# Not Quite A Steelhead...........



## Golden1 (Jun 27, 2009)

This past weekend I had the pleasure to tag along with some great friends on a Canadian trip for King Salmon...The trip could not have been much better with lots of fish hooked and several landed....We all had a blast...not sure just how big they were all I can say is huge lol..:B


----------



## fredg53 (Sep 17, 2010)

Omg nice golden nice

Outdoor Hub mobile, the outdoor information engine


----------



## ShutUpNFish (Apr 17, 2007)

Wow! Nice...


----------



## jogi (Oct 14, 2009)

awesome fish don!!!!


----------



## FISHIN216 (Mar 18, 2009)

Phil showed me that beast the other day.....what a tank! Had to be a blast

Outdoor Hub mobile, the outdoor information engine


----------



## Ry440 (May 11, 2011)

Big and Ugly! Awesome Fish!!! Very Nice!


----------



## Fishaholic69 (Apr 6, 2007)

Now thats a fish!


----------



## don34 (Sep 5, 2011)

wow...nice fish


----------



## thephildo0916 (Mar 4, 2009)

Hey, nice fish!


----------



## Chef T (Feb 28, 2011)

That's what I'm talking about!!! Seeing this gets my blood pumping for y upcoming NY trip. Love hooking up with those slimy brutes...


----------



## Streamhawk (Apr 25, 2008)

Way to go Mr. Showoff!!! LOL Nice fish!!!


----------



## Kastmaster93 (Aug 6, 2008)

Beauty, great job golden!!


----------



## flytyer (Jan 3, 2005)

Nice fish golden1. It's good to feel one of those big kings throbbing away on the end of your line.


----------



## nforkoutfitters (Jan 25, 2010)

Awesome fish Don!!! Got into a few of my own this past week in Mich.


----------



## Golden1 (Jun 27, 2009)

Sweet.. looks like you had a great tip too....


----------



## thephildo0916 (Mar 4, 2009)

Dong measuring contest!


----------



## nforkoutfitters (Jan 25, 2010)

Well then Phil, Lets see yours too!

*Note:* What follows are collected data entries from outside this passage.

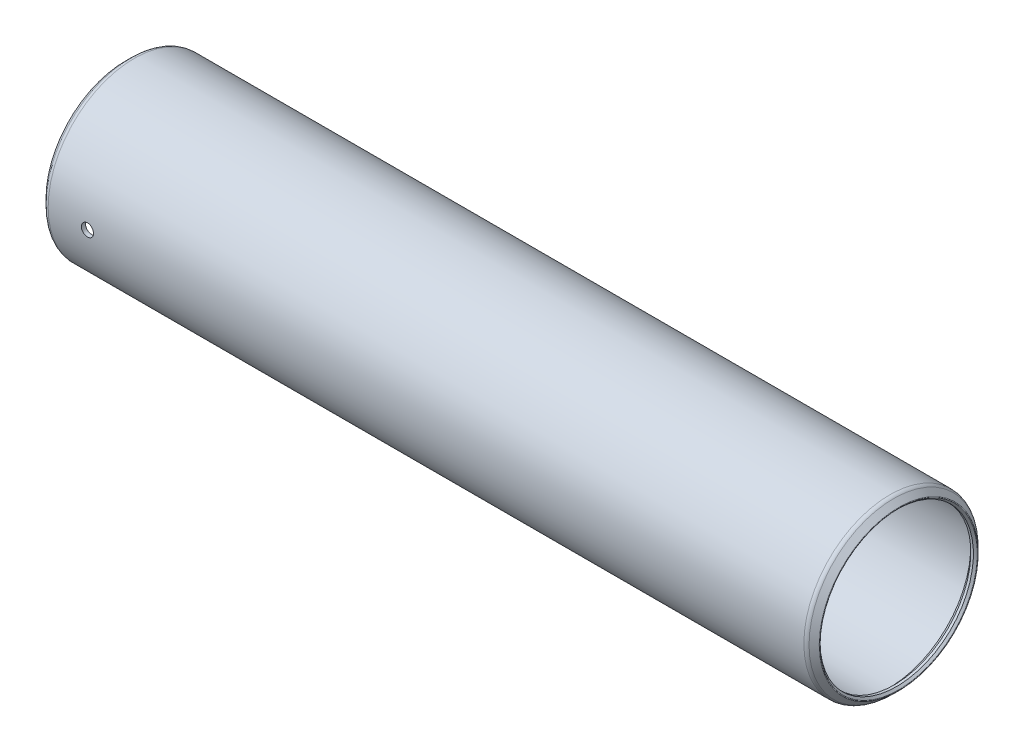
ISO-10303-21;
HEADER;
FILE_DESCRIPTION(('STEP AP214'),'2;1');
FILE_NAME('part.step','',(''),(''),'','','');
FILE_SCHEMA(('AUTOMOTIVE_DESIGN { 1 0 10303 214 1 1 1 1 }'));
ENDSEC;
DATA;
#1=APPLICATION_CONTEXT('core data for automotive mechanical design processes');
#2=APPLICATION_PROTOCOL_DEFINITION('international standard','automotive_design',2000,#1);
#3=PRODUCT_CONTEXT('',#1,'mechanical');
#4=PRODUCT('Part','Part','',(#3));
#5=PRODUCT_RELATED_PRODUCT_CATEGORY('part','',(#4));
#6=PRODUCT_DEFINITION_FORMATION('','',#4);
#7=PRODUCT_DEFINITION_CONTEXT('part definition',#1,'design');
#8=PRODUCT_DEFINITION('design','',#6,#7);
#9=PRODUCT_DEFINITION_SHAPE('','',#8);
#10=(LENGTH_UNIT() NAMED_UNIT(*) SI_UNIT(.MILLI.,.METRE.));
#11=(NAMED_UNIT(*) PLANE_ANGLE_UNIT() SI_UNIT($,.RADIAN.));
#12=(NAMED_UNIT(*) SI_UNIT($,.STERADIAN.) SOLID_ANGLE_UNIT());
#13=UNCERTAINTY_MEASURE_WITH_UNIT(LENGTH_MEASURE(1.E-05),#10,'distance_accuracy_value','');
#14=(GEOMETRIC_REPRESENTATION_CONTEXT(3) GLOBAL_UNCERTAINTY_ASSIGNED_CONTEXT((#13)) GLOBAL_UNIT_ASSIGNED_CONTEXT((#10,
#11,#12)) REPRESENTATION_CONTEXT('',''));
#15=CARTESIAN_POINT('',(0.,0.,0.));
#16=DIRECTION('',(0.,0.,1.));
#17=DIRECTION('',(1.,0.,0.));
#18=AXIS2_PLACEMENT_3D('',#15,#16,#17);
#19=CARTESIAN_POINT('',(149.5552,0.,0.));
#20=DIRECTION('',(-1.,0.,0.));
#21=DIRECTION('',(0.,0.,1.));
#22=AXIS2_PLACEMENT_3D('',#19,#20,#21);
#23=CYLINDRICAL_SURFACE('',#22,16.02105);
#24=CARTESIAN_POINT('',(1.01599999999999,0.,0.));
#25=DIRECTION('',(-1.,0.,0.));
#26=DIRECTION('',(0.,0.,1.));
#27=AXIS2_PLACEMENT_3D('',#24,#25,#26);
#28=CIRCLE('',#27,16.02105);
#29=CARTESIAN_POINT('',(1.01599999999999,0.,16.02105));
#30=VERTEX_POINT('',#29);
#31=EDGE_CURVE('E57',#30,#30,#28,.T.);
#32=ORIENTED_EDGE('',*,*,#31,.T.);
#33=EDGE_LOOP('',(#32));
#34=FACE_BOUND('',#33,.T.);
#35=CARTESIAN_POINT('',(148.5392,0.,0.));
#36=DIRECTION('',(-1.,0.,0.));
#37=DIRECTION('',(0.,0.,1.));
#38=AXIS2_PLACEMENT_3D('',#35,#36,#37);
#39=CIRCLE('',#38,16.02105);
#40=CARTESIAN_POINT('',(148.5392,0.,16.02105));
#41=VERTEX_POINT('',#40);
#42=EDGE_CURVE('E60',#41,#41,#39,.T.);
#43=ORIENTED_EDGE('',*,*,#42,.F.);
#44=EDGE_LOOP('',(#43));
#45=FACE_BOUND('',#44,.T.);
#46=CARTESIAN_POINT('',(9.70279999999999,0.,16.02105));
#47=CARTESIAN_POINT('',(9.70279706520824,-0.0669566152777428,16.0210494133005));
#48=CARTESIAN_POINT('',(9.69714797089088,-0.133959408495349,16.0206257720828));
#49=CARTESIAN_POINT('',(9.67469483321733,-0.266112872885107,16.0189765133516));
#50=CARTESIAN_POINT('',(9.65787799368977,-0.331261329925711,16.0177499758904));
#51=CARTESIAN_POINT('',(9.61357685930651,-0.457772882834231,16.014633597949));
#52=CARTESIAN_POINT('',(9.58609841354014,-0.51913803291572,16.0127441212197));
#53=CARTESIAN_POINT('',(9.52126410536775,-0.636369658290597,16.0085140424356));
#54=CARTESIAN_POINT('',(9.48391042401329,-0.692237344023746,16.0061735400256));
#55=CARTESIAN_POINT('',(9.40030214102438,-0.79701899259515,16.0012988375443));
#56=CARTESIAN_POINT('',(9.35403137567909,-0.845920042926816,15.998764290842));
#57=CARTESIAN_POINT('',(9.25393625477573,-0.935269642121525,15.9937900885991));
#58=CARTESIAN_POINT('',(9.2001115751218,-0.975717828134388,15.9913504371357));
#59=CARTESIAN_POINT('',(9.08636013621567,-1.04705583277077,15.9868383661694));
#60=CARTESIAN_POINT('',(9.02642638212852,-1.07793452726745,15.9847663752428));
#61=CARTESIAN_POINT('',(8.90220696446403,-1.12918591984865,15.9812279272536));
#62=CARTESIAN_POINT('',(8.8379213639444,-1.14955877012468,15.9797614614194));
#63=CARTESIAN_POINT('',(8.70695074157336,-1.17918328521173,15.9776028360577));
#64=CARTESIAN_POINT('',(8.64027043890182,-1.18845570661457,15.9769092315327));
#65=CARTESIAN_POINT('',(8.5062965410256,-1.19568025672226,15.9763702265494));
#66=CARTESIAN_POINT('',(8.43900295525313,-1.1936325592369,15.976524813068));
#67=CARTESIAN_POINT('',(8.30585457888071,-1.1782921804781,15.9776634170375));
#68=CARTESIAN_POINT('',(8.23999717835317,-1.16502201190737,15.9786457739354));
#69=CARTESIAN_POINT('',(8.11144715928859,-1.12764833268643,15.9813266150936));
#70=CARTESIAN_POINT('',(8.04875456621335,-1.10354473489361,15.9830251051143));
#71=CARTESIAN_POINT('',(7.92824175757535,-1.04516304205303,15.9869487342801));
#72=CARTESIAN_POINT('',(7.87042647774632,-1.01087479526701,15.9891743984454));
#73=CARTESIAN_POINT('',(7.76136342516126,-0.933104455322872,15.9939010804274));
#74=CARTESIAN_POINT('',(7.7101157583576,-0.889622213872113,15.996402102685));
#75=CARTESIAN_POINT('',(7.61551172816844,-0.794571676950297,16.001405061793));
#76=CARTESIAN_POINT('',(7.57217492548818,-0.742983909593353,16.0039069859837));
#77=CARTESIAN_POINT('',(7.49477386998589,-0.633254789658335,16.0086239894766));
#78=CARTESIAN_POINT('',(7.46070962185451,-0.575113433765067,16.0108390686336));
#79=CARTESIAN_POINT('',(7.40282205145223,-0.453915229240835,16.0147330951866));
#80=CARTESIAN_POINT('',(7.37899953805438,-0.390857992827259,16.0164120002339));
#81=CARTESIAN_POINT('',(7.34228507708127,-0.261623578508758,16.0190439854347));
#82=CARTESIAN_POINT('',(7.32939294813818,-0.195446452391385,16.0199970776318));
#83=CARTESIAN_POINT('',(7.31492960923661,-0.0620204076045535,16.0210684985366));
#84=CARTESIAN_POINT('',(7.31333136891893,0.00522556567420777,16.0211888203509));
#85=CARTESIAN_POINT('',(7.32143044956756,0.139029521504403,16.0205864563069));
#86=CARTESIAN_POINT('',(7.33112768656339,0.205587509166606,16.0198637767156));
#87=CARTESIAN_POINT('',(7.3615200595147,0.336049510123086,16.0176580024258));
#88=CARTESIAN_POINT('',(7.38220272478208,0.399956444390026,16.016175770041));
#89=CARTESIAN_POINT('',(7.43396614581833,0.523392589080339,16.0126175099669));
#90=CARTESIAN_POINT('',(7.46504703382642,0.582921743817638,16.010541474726));
#91=CARTESIAN_POINT('',(7.5367929603938,0.696035881380302,16.006023610124));
#92=CARTESIAN_POINT('',(7.57747597302289,0.749609435942374,16.0035810979225));
#93=CARTESIAN_POINT('',(7.66724525322349,0.849176400421608,15.9986072063538));
#94=CARTESIAN_POINT('',(7.71633163764561,0.895169704916369,15.9960758257513));
#95=CARTESIAN_POINT('',(7.82163126812709,0.978362781285479,15.9912036531407));
#96=CARTESIAN_POINT('',(7.87785843333551,1.01554496113354,15.9888632484336));
#97=CARTESIAN_POINT('',(7.9957739567659,1.07993983561797,15.9846432199179));
#98=CARTESIAN_POINT('',(8.05746226991206,1.10715261253133,15.9827635923065));
#99=CARTESIAN_POINT('',(8.18448579496939,1.15080601392083,15.97967991949));
#100=CARTESIAN_POINT('',(8.2498172410541,1.16725754600383,15.9784751903857));
#101=CARTESIAN_POINT('',(8.38232441499383,1.18895702368358,15.9768753055686));
#102=CARTESIAN_POINT('',(8.44950011528954,1.1942051366046,15.976480137765));
#103=CARTESIAN_POINT('',(8.58361407368,1.19334702986037,15.976544242776));
#104=CARTESIAN_POINT('',(8.65055251140766,1.18726845700228,15.9770014351036));
#105=CARTESIAN_POINT('',(8.78245520900734,1.16398702720102,15.9787143300673));
#106=CARTESIAN_POINT('',(8.84741946558123,1.14678415167422,15.9799700340373));
#107=CARTESIAN_POINT('',(8.97353251663077,1.10174912009622,15.9831379271101));
#108=CARTESIAN_POINT('',(9.03468143187387,1.07391730068302,15.9850500954212));
#109=CARTESIAN_POINT('',(9.15144291334917,1.00841775259181,15.9893154673754));
#110=CARTESIAN_POINT('',(9.20705559222398,0.970750224091844,15.9916686620422));
#111=CARTESIAN_POINT('',(9.3113070802482,0.886545023273679,15.9965577151813));
#112=CARTESIAN_POINT('',(9.35992945510258,0.839987028367214,15.9990939837127));
#113=CARTESIAN_POINT('',(9.448687277448,0.739356340582741,16.0040597191709));
#114=CARTESIAN_POINT('',(9.48882065829193,0.685281823103509,16.0064891599766));
#115=CARTESIAN_POINT('',(9.55950378441263,0.571068619367323,16.0109710137583));
#116=CARTESIAN_POINT('',(9.59003836690499,0.510920534998868,16.0130228281169));
#117=CARTESIAN_POINT('',(9.64053675717511,0.386378243366696,16.0165108455186));
#118=CARTESIAN_POINT('',(9.66051282111822,0.321989057224918,16.017947761955));
#119=CARTESIAN_POINT('',(9.68419163843129,0.214344538732717,16.019671676354));
#120=CARTESIAN_POINT('',(9.69116061501202,0.171783170918517,16.0201862204269));
#121=CARTESIAN_POINT('',(9.70046573532017,0.0861542420497312,16.0208755706727));
#122=CARTESIAN_POINT('',(9.70280188854287,0.0430866820328002,16.021050377542));
#123=CARTESIAN_POINT('',(9.70279999999999,0.,16.02105));
#124=B_SPLINE_CURVE_WITH_KNOTS('',3,(#46,#47,#48,#49,#50,#51,#52,#53,#54,#55,#56,#57,#58,#59,
#60,#61,#62,#63,#64,#65,#66,#67,#68,#69,#70,#71,#72,#73,#74,#75,#76,#77,#78,#79,#80,#81,#82,#83,
#84,#85,#86,#87,#88,#89,#90,#91,#92,#93,#94,#95,#96,#97,#98,#99,#100,#101,#102,#103,#104,#105,
#106,#107,#108,#109,#110,#111,#112,#113,#114,#115,#116,#117,#118,#119,#120,#121,#122,#123),
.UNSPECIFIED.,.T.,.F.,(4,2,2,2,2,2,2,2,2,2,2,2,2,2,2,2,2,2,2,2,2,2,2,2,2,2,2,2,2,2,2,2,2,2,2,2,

And Bens! uh...... Fish that is


----------



## KSUFLASH (Apr 14, 2004)

How did I get dragged into this...haha!


----------



## flytyer (Jan 3, 2005)

Dang nforkoutfitters, that's a hog! What river were you on? And how big was that one?


----------



## nforkoutfitters (Jan 25, 2010)

@ KSU- Youre guilty by association! LOL

@Fly tyer- Just shy of 40 inches and taken on the P M River, Flywater area


----------



## flytyer (Jan 3, 2005)

Nice fish. I was up there over Labor Day week-end. Only managed to land 1 this year, and had my butt kicked by a bunch of others. They're definately running big this year.


----------



## JFeeds (Apr 14, 2008)

Nice fish!!!


----------